United States District Court, S.D. California

April 15, 2015

SETH WALLACK and SAN DIEGO VETERINARY IMAGING, INC., Plaintiffs,
v.
IDEXX LABORATORIES, INC.; IDEXX REFERENCE LABORATORIES, INC.; MATTHEW WRIGHT; an individual; and STEPHEN WALTERS, an individual, Defendants.

ORDER GRANTING DEFENDANTS WRIGHT AND WALTERS' MOTION FOR SUMMARY JUDGMENT [Dkt. No. 87.]

GONZALO P. CURIEL, District Judge.

Presently before the Court is Defendants Matthew Wright ("Wright") and Stephen Walters' ("Walters") (collectively "Defendants") motion for summary judgment. (Dkt. No. 87.) Plaintiff Seth Wallack ("Plaintiff") opposed the motion. (Dkt. No. 93.) Defendants filed a reply. (Dkt. No. 9.) Having considered the parties' submissions, supporting documentation, and the applicable law, the Court GRANTS Defendants' motion for summary judgment.

Procedural Background

Plaintiff and San Diego Veterinary Imaging, Inc. ("SDVI") filed a complaint against Defendants Idexx Laboratories, Inc. and Idexx Reference Laboratories, Inc. on December 22, 2011 alleging numerous causes of action for federal and state securities fraud, fraud related causes of action and trademark infringement. (Dkt. No. 1.) On April 11, 2013, the Court granted in part and denied in part Defendants' motions to dismiss with leave to amend. (Dkt. No. 33.) A first amended complaint was filed on May 2, 2013. (Dkt. No. 34.) On September 12, 2013, the Court granted in part and denied in part Defendants' motions to dismiss with leave to amend. (Dkt. No. 49.) The operative second amended complaint was filed on September 26, 2013 and asserts four causes of action: (1) trademark infringement by Plaintiff SDVI against Idexx and Idexx RL; (2) breach of fiduciary duty by Plaintiff Wallack against Wright and Walters; (3) civil conspiracy by Plaintiffs against all Defendants; and (4) request for declaratory relief by Plaintiffs against Idexx and Idexx RL. (Dkt. No. 50.) Defendants Wright and Walters moved to dismiss the second cause of action for breach of fiduciary duty, and third cause of action for civil conspiracy. (Dkt. No. 52.) On April 14, 2014, the Court denied Defendants Wright and Walters' motion to dismiss the breach of fiduciary duty claim; and granted Defendants' motion to dismiss the civil conspiracy claim with prejudice. (Dkt. No. 68.) Therefore, the remaining cause of action alleged against Defendants Wright and Walters is breach of fiduciary duty which is subject to the instant motion for summary judgment.

Factual Background

Plaintiff is a licensed veterinary radiologist and established San Diego Veterinary Imaging, Inc. ("SDVI"), in 2002, to conduct his veterinary radiology practice. (Dkt. No. 93-5, Wallack Decl. ¶¶ 2, 8.) In the early 2000s, Plaintiff recognized the need and benefit of digital imagery to view x-rays over the internet instead of "making the rounds" and visiting veterinary offices, clinics and hospitals to conduct his practice. (Id. ¶¶ 2, 3, 4.) In early 2004, Plaintiff contemplated and began work to develop a software program to serve as a "platform" for veterinary radiologists where they could keep, organize, retrieve and use all of their imagery. (Id. ¶ 7.)

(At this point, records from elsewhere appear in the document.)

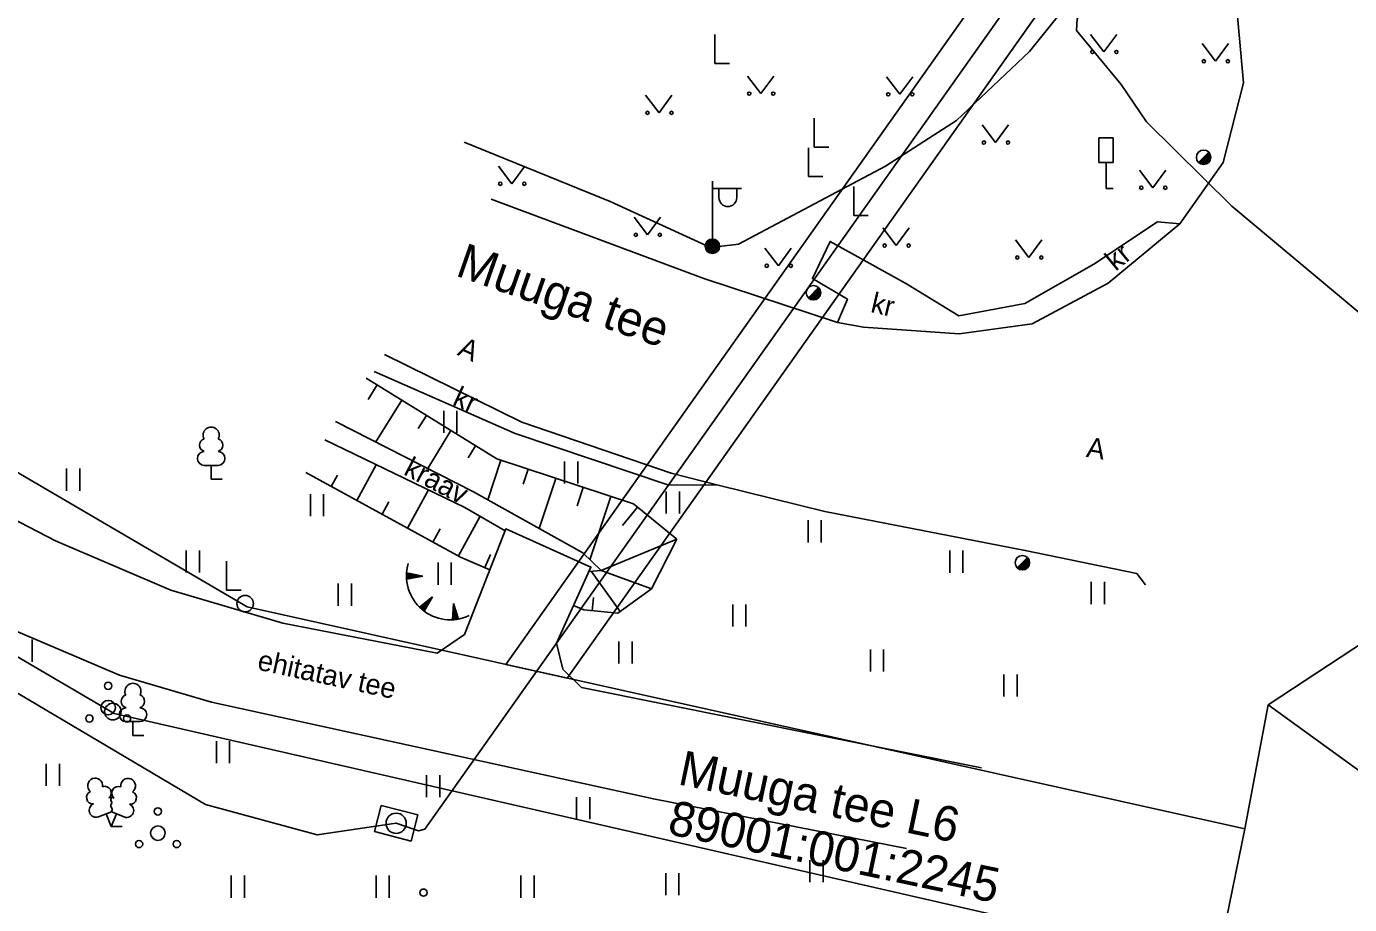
# Model space of a CAD drawing. Extents: x 552509 to 552614, y 6594677 to 6594825.
# Drawn here: x 552532.03 to 552577.7, y 6594728.33 to 6594758.63 of the extents above; entities that cross this region are included whole.
import ezdxf

# ---------------------------------------------------------------- set-up
doc = ezdxf.new("R2010")
doc.units = 0
for name, color, linetype in [('HALJASTUS', 7, 'Continuous'), ('KASUTUSALA', 7, 'Continuous'), ('KPKAABEL', 7, 'Continuous'), ('LIIKLUS', 7, 'Continuous'), ('MPKAABEL', 7, 'Continuous'), ('PIIR', 7, 'Continuous'), ('PIIRIMLEITUD', 7, 'Continuous'), ('POST', 7, 'Continuous'), ('PR_SIDE', 7, 'Continuous'), ('PUU', 7, 'Continuous'), ('RELJEEF', 7, 'Continuous'), ('TEE', 7, 'Continuous'), ('VEEKOGU', 7, 'Continuous')]:
    doc.layers.add(name, color=color, linetype=linetype)

msp = doc.modelspace()

# ---------------------------------------------------------------- linework, layer by layer
at = {"layer": 'HALJASTUS'}
for p, q in [((552555.788, 6594758.357), (552555.788, 6594757.357)), ((552568.756, 6594758.36), (552569.219, 6594757.754)), ((552569.219, 6594757.754), (552569.665, 6594758.36)), ((552572.604, 6594758.041), (552573.067, 6594757.434)), ((552573.067, 6594757.434), (552573.513, 6594758.041)), ((552555.788, 6594757.357), (552556.288, 6594757.357)), ((552556.911, 6594756.923), (552557.375, 6594756.316)), ((552557.375, 6594756.316), (552557.82, 6594756.923)), ((552561.71, 6594756.9), (552562.173, 6594756.293)), ((552562.173, 6594756.293), (552562.619, 6594756.9)), ((552553.399, 6594756.26), (552553.863, 6594755.654)), ((552553.863, 6594755.654), (552554.308, 6594756.26)), ((552559.217, 6594755.469), (552559.217, 6594754.469)), ((552565.013, 6594755.235), (552565.476, 6594754.628)), ((552565.476, 6594754.628), (552565.922, 6594755.235)), ((552559.015, 6594754.451), (552559.015, 6594753.451)), ((552559.217, 6594754.469), (552559.717, 6594754.469)), ((552548.318, 6594753.812), (552548.781, 6594753.205)), ((552548.781, 6594753.205), (552549.227, 6594753.812)), ((552559.015, 6594753.451), (552559.515, 6594753.451)), ((552570.443, 6594753.675), (552570.906, 6594753.068)), ((552570.906, 6594753.068), (552571.352, 6594753.675)), ((552560.585, 6594753.112), (552560.585, 6594752.112)), ((552552.997, 6594752.05), (552553.46, 6594751.443)), ((552553.46, 6594751.443), (552553.906, 6594752.05)), ((552560.585, 6594752.112), (552561.085, 6594752.112)), ((552561.585, 6594751.679), (552562.048, 6594751.073)), ((552562.048, 6594751.073), (552562.494, 6594751.679)), ((552566.163, 6594751.268), (552566.627, 6594750.661)), ((552566.627, 6594750.661), (552567.072, 6594751.268)), ((552557.518, 6594750.983), (552557.981, 6594750.376)), ((552557.981, 6594750.376), (552558.427, 6594750.983)), ((552546.428, 6594745.37), (552546.428, 6594744.608)), ((552546.883, 6594745.37), (552546.883, 6594744.608)), ((552533.411, 6594743.374), (552533.411, 6594742.613)), ((552533.866, 6594743.374), (552533.866, 6594742.613)), ((552550.603, 6594743.624), (552550.603, 6594742.863)), ((552551.058, 6594743.624), (552551.058, 6594742.863)), ((552541.83, 6594742.497), (552541.83, 6594741.736)), ((552542.285, 6594742.497), (552542.285, 6594741.736)), ((552554.108, 6594742.589), (552554.108, 6594741.828)), ((552554.563, 6594742.589), (552554.563, 6594741.828)), ((552559.007, 6594741.59), (552559.007, 6594740.829)), ((552559.462, 6594741.59), (552559.462, 6594740.829)), ((552537.539, 6594740.553), (552537.539, 6594739.792)), ((552537.994, 6594740.553), (552537.994, 6594739.792)), ((552538.934, 6594740.176), (552538.934, 6594739.176)), ((552563.896, 6594740.544), (552563.896, 6594739.783)), ((552564.351, 6594740.544), (552564.351, 6594739.783)), ((552546.234, 6594740.13), (552546.234, 6594739.369)), ((552546.689, 6594740.13), (552546.689, 6594739.369)), ((552542.788, 6594739.405), (552542.788, 6594738.644)), ((552543.243, 6594739.405), (552543.243, 6594738.644)), ((552568.778, 6594739.463), (552568.778, 6594738.702)), ((552569.233, 6594739.463), (552569.233, 6594738.702)), ((552538.934, 6594739.176), (552539.434, 6594739.176)), ((552556.404, 6594738.689), (552556.404, 6594737.928)), ((552556.859, 6594738.689), (552556.859, 6594737.928)), ((552532.228, 6594737.472), (552532.228, 6594736.711)), ((552552.477, 6594737.411), (552552.477, 6594736.65)), ((552552.932, 6594737.411), (552552.932, 6594736.65)), ((552561.157, 6594737.137), (552561.157, 6594736.376)), ((552561.612, 6594737.137), (552561.612, 6594736.376)), ((552565.763, 6594736.271), (552565.763, 6594735.51)), ((552566.218, 6594736.271), (552566.218, 6594735.51)), ((552538.582, 6594733.97), (552538.582, 6594733.209)), ((552539.037, 6594733.97), (552539.037, 6594733.209)), ((552532.712, 6594733.191), (552532.712, 6594732.43)), ((552533.167, 6594733.191), (552533.167, 6594732.43)), ((552545.836, 6594732.8), (552545.836, 6594732.038)), ((552546.291, 6594732.8), (552546.291, 6594732.038)), ((552551.017, 6594732.038), (552551.017, 6594731.277)), ((552551.472, 6594732.038), (552551.472, 6594731.277)), ((552559.07, 6594729.86), (552559.07, 6594729.099)), ((552559.525, 6594729.86), (552559.525, 6594729.099)), ((552539.094, 6594729.327), (552539.094, 6594728.566)), ((552539.549, 6594729.327), (552539.549, 6594728.566)), ((552544.094, 6594729.327), (552544.094, 6594728.566)), ((552544.549, 6594729.327), (552544.549, 6594728.566)), ((552549.094, 6594729.327), (552549.094, 6594728.566)), ((552549.549, 6594729.327), (552549.549, 6594728.566)), ((552554.091, 6594729.409), (552554.091, 6594728.648)), ((552554.546, 6594729.409), (552554.546, 6594728.648))]:
    msp.add_line(p, q, dxfattribs=at)
for centre in [(552568.818, 6594757.754), (552569.647, 6594757.754), (552572.666, 6594757.434), (552573.495, 6594757.434), (552556.974, 6594756.316), (552557.803, 6594756.316), (552561.772, 6594756.293), (552562.601, 6594756.293), (552553.462, 6594755.654), (552554.291, 6594755.654), (552565.075, 6594754.628), (552565.904, 6594754.628), (552548.38, 6594753.205), (552549.209, 6594753.205), (552570.505, 6594753.068), (552571.334, 6594753.068), (552553.059, 6594751.443), (552553.888, 6594751.443), (552561.647, 6594751.073), (552562.476, 6594751.073), (552566.226, 6594750.661), (552567.055, 6594750.661), (552557.58, 6594750.376), (552558.409, 6594750.376)]:
    msp.add_circle(centre, 0.055, dxfattribs=at)
at = {"layer": 'KASUTUSALA'}
msp.add_lwpolyline([(552583.465, 6594775.497), (552579.315, 6594775.497), (552577.921, 6594774.641), (552577.349, 6594773.803), (552550.693, 6594736.143), (552548.576, 6594736.614), (552575.706, 6594774.944), (552576.51, 6594776.122), (552578.75, 6594777.497), (552583.17, 6594777.497), (552583.499, 6594777.596), (552583.67, 6594777.52), (552584.211, 6594775.722)], close=True, dxfattribs=at)
at = {"layer": 'KPKAABEL'}
msp.add_lwpolyline([(552602.366, 6594800.419), (552598.199, 6594793.885), (552593.464, 6594786.75), (552588.873, 6594780.298), (552585.787, 6594775.242), (552584.886, 6594773.436), (552583.392, 6594772.323), (552579.28, 6594773.572), (552576.737, 6594771.699), (552570.484, 6594761.399), (552568.685, 6594759.468), (552568.289, 6594758.9), (552568.268, 6594758.492), (552569.814, 6594756.635), (552570.684, 6594755.344), (552573.629, 6594752.434), (552581.426, 6594745.926)], dxfattribs=at)
at = {"layer": 'LIIKLUS'}
for p, q in [((552569.042, 6594754.788), (552569.042, 6594753.938)), ((552569.542, 6594754.788), (552569.042, 6594754.788)), ((552569.542, 6594754.788), (552569.542, 6594753.938)), ((552569.542, 6594753.938), (552569.042, 6594753.938)), ((552569.292, 6594753.938), (552569.292, 6594753.038)), ((552569.542, 6594753.038), (552569.292, 6594753.038))]:
    msp.add_line(p, q, dxfattribs=at)
at = {"layer": 'MPKAABEL'}
for points in [[(552583.301, 6594773.56), (552582.127, 6594773.347), (552578.427, 6594773.813), (552577.37, 6594773.453), (552575.322, 6594771.506), (552574.131, 6594769.437), (552572.445, 6594766.549), (552571.059, 6594764.161), (552569.456, 6594761.266), (552566.645, 6594757.766), (552564.128, 6594755.394), (552561.673, 6594753.808), (552556.601, 6594751.124), (552555.635, 6594751.011), (552552.179, 6594752.595), (552547.135, 6594754.639)], [(552571.059, 6594764.161), (552569.456, 6594761.266), (552566.645, 6594757.766), (552564.128, 6594755.394), (552561.673, 6594753.808), (552556.601, 6594751.124), (552555.635, 6594751.011), (552552.179, 6594752.595), (552547.135, 6594754.639)]]:
    msp.add_lwpolyline(points, dxfattribs=at)
at = {"layer": 'PIIR'}
for points in [[(552520.412, 6594749.852), (552539.65, 6594738.6), (552574.08, 6594730.94), (552574.89, 6594735.22), (552585.77, 6594742.38), (552587.18, 6594765.86), (552583.67, 6594777.52), (552555.67, 6594790.06), (552527.82, 6594792.27), (552520.412, 6594789.634)], [(552520.412, 6594743.506), (552535.05, 6594734.92), (552573.12, 6594726.21), (552574.08, 6594730.94), (552539.65, 6594738.6), (552520.412, 6594749.852)], [(552567.003, 6594695.419), (552573.12, 6594726.21), (552535.05, 6594734.92), (552520.412, 6594743.506)], [(552602.912, 6594729.605), (552585.77, 6594742.38), (552574.89, 6594735.22), (552602.912, 6594714.927)], [(552602.912, 6594704.82), (552573.12, 6594726.21), (552574.08, 6594730.94), (552574.89, 6594735.22), (552602.912, 6594714.927)]]:
    msp.add_lwpolyline(points, dxfattribs=at)
at = {"layer": 'PIIRIMLEITUD'}
for centre in [(552539.575, 6594738.715), (552535.008, 6594734.989)]:
    msp.add_circle(centre, 0.285, dxfattribs=at)
at = {"layer": 'POST'}
for p, q in [((552572.48, 6594753.944), (552572.834, 6594754.297)), ((552555.703, 6594751.297), (552555.703, 6594753.297)), ((552555.703, 6594753.047), (552556.703, 6594753.047)), ((552555.93, 6594752.726), (552555.93, 6594753.047)), ((552556.543, 6594752.726), (552556.543, 6594753.047)), ((552555.703, 6594751.047), (552555.703, 6594751.047)), ((552559.015, 6594749.269), (552559.369, 6594749.622)), ((552566.226, 6594739.951), (552566.58, 6594740.305))]:
    msp.add_line(p, q, dxfattribs=at)
for centre, radius in [((552572.657, 6594754.12), 0.25), ((552555.703, 6594751.047), 0.25), ((552555.703, 6594751.047), 0.225), ((552555.703, 6594751.047), 0.2), ((552555.703, 6594751.047), 0.175), ((552555.703, 6594751.047), 0.15), ((552555.703, 6594751.047), 0.125), ((552555.703, 6594751.047), 0.1), ((552555.703, 6594751.047), 0.075), ((552555.703, 6594751.047), 0.05), ((552555.703, 6594751.047), 0.025), ((552559.192, 6594749.445), 0.25), ((552566.403, 6594740.128), 0.25)]:
    msp.add_circle(centre, radius, dxfattribs=at)
for centre, radius, start, end in [((552572.657, 6594754.12), 0.225, 224.8541, 45.0356), ((552572.657, 6594754.12), 0.2, 224.8427, 45.047), ((552572.657, 6594754.12), 0.175, 224.8281, 45.0616), ((552572.657, 6594754.12), 0.15, 224.8087, 45.081), ((552572.657, 6594754.12), 0.125, 224.7814, 45.1083), ((552572.657, 6594754.12), 0.1, 224.7406, 45.1491), ((552572.657, 6594754.12), 0.075, 224.6725, 45.2172), ((552572.657, 6594754.12), 0.05, 224.5363, 45.3534), ((552572.657, 6594754.12), 0.025, 224.1278, 45.7619), ((552556.236, 6594752.726), 0.306, 180, 0), ((552559.192, 6594749.445), 0.225, 224.8541, 45.0356), ((552559.192, 6594749.445), 0.2, 224.8427, 45.047), ((552559.192, 6594749.445), 0.175, 224.8281, 45.0616), ((552559.192, 6594749.445), 0.15, 224.8087, 45.081), ((552559.192, 6594749.445), 0.125, 224.7814, 45.1083), ((552559.192, 6594749.445), 0.1, 224.7406, 45.1491), ((552559.192, 6594749.445), 0.075, 224.6725, 45.2172), ((552559.192, 6594749.445), 0.05, 224.5363, 45.3534), ((552559.192, 6594749.445), 0.025, 224.1278, 45.7619), ((552566.403, 6594740.128), 0.225, 224.8541, 45.0356), ((552566.403, 6594740.128), 0.2, 224.8427, 45.047), ((552566.403, 6594740.128), 0.175, 224.8281, 45.0616), ((552566.403, 6594740.128), 0.15, 224.8087, 45.081), ((552566.403, 6594740.128), 0.125, 224.7814, 45.1083), ((552566.403, 6594740.128), 0.1, 224.7406, 45.1491), ((552566.403, 6594740.128), 0.075, 224.6725, 45.2172), ((552566.403, 6594740.128), 0.05, 224.5363, 45.3534), ((552566.403, 6594740.128), 0.025, 224.1278, 45.7619)]:
    msp.add_arc(centre, radius, start, end, dxfattribs=at)
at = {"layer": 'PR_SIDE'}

At that time, Plaintiff hired Defendant Stephen Walters, a computer programmer, to assist in the programming and coding of the computer platform/website. (Id. ¶ 9.) They worked together for months to develop the program and they agreed that Walters would eventually become a 20% ownership in any future company. (Id.) Walters also retained ownership of the portions of the source code/programmed information he developed related to the platform/website. (Id.)

In early 2004, Plaintiff named the software "DVMInsight" and decided to conduct his tele-radiology practice under the name "DVMInsight." (Id. ¶ 10.) In 2005, SDVI established, through GoDaddy.com a domain name and website called "DVMInsight.com" and SDVI registered the trademark "DVMInsight". (Id.)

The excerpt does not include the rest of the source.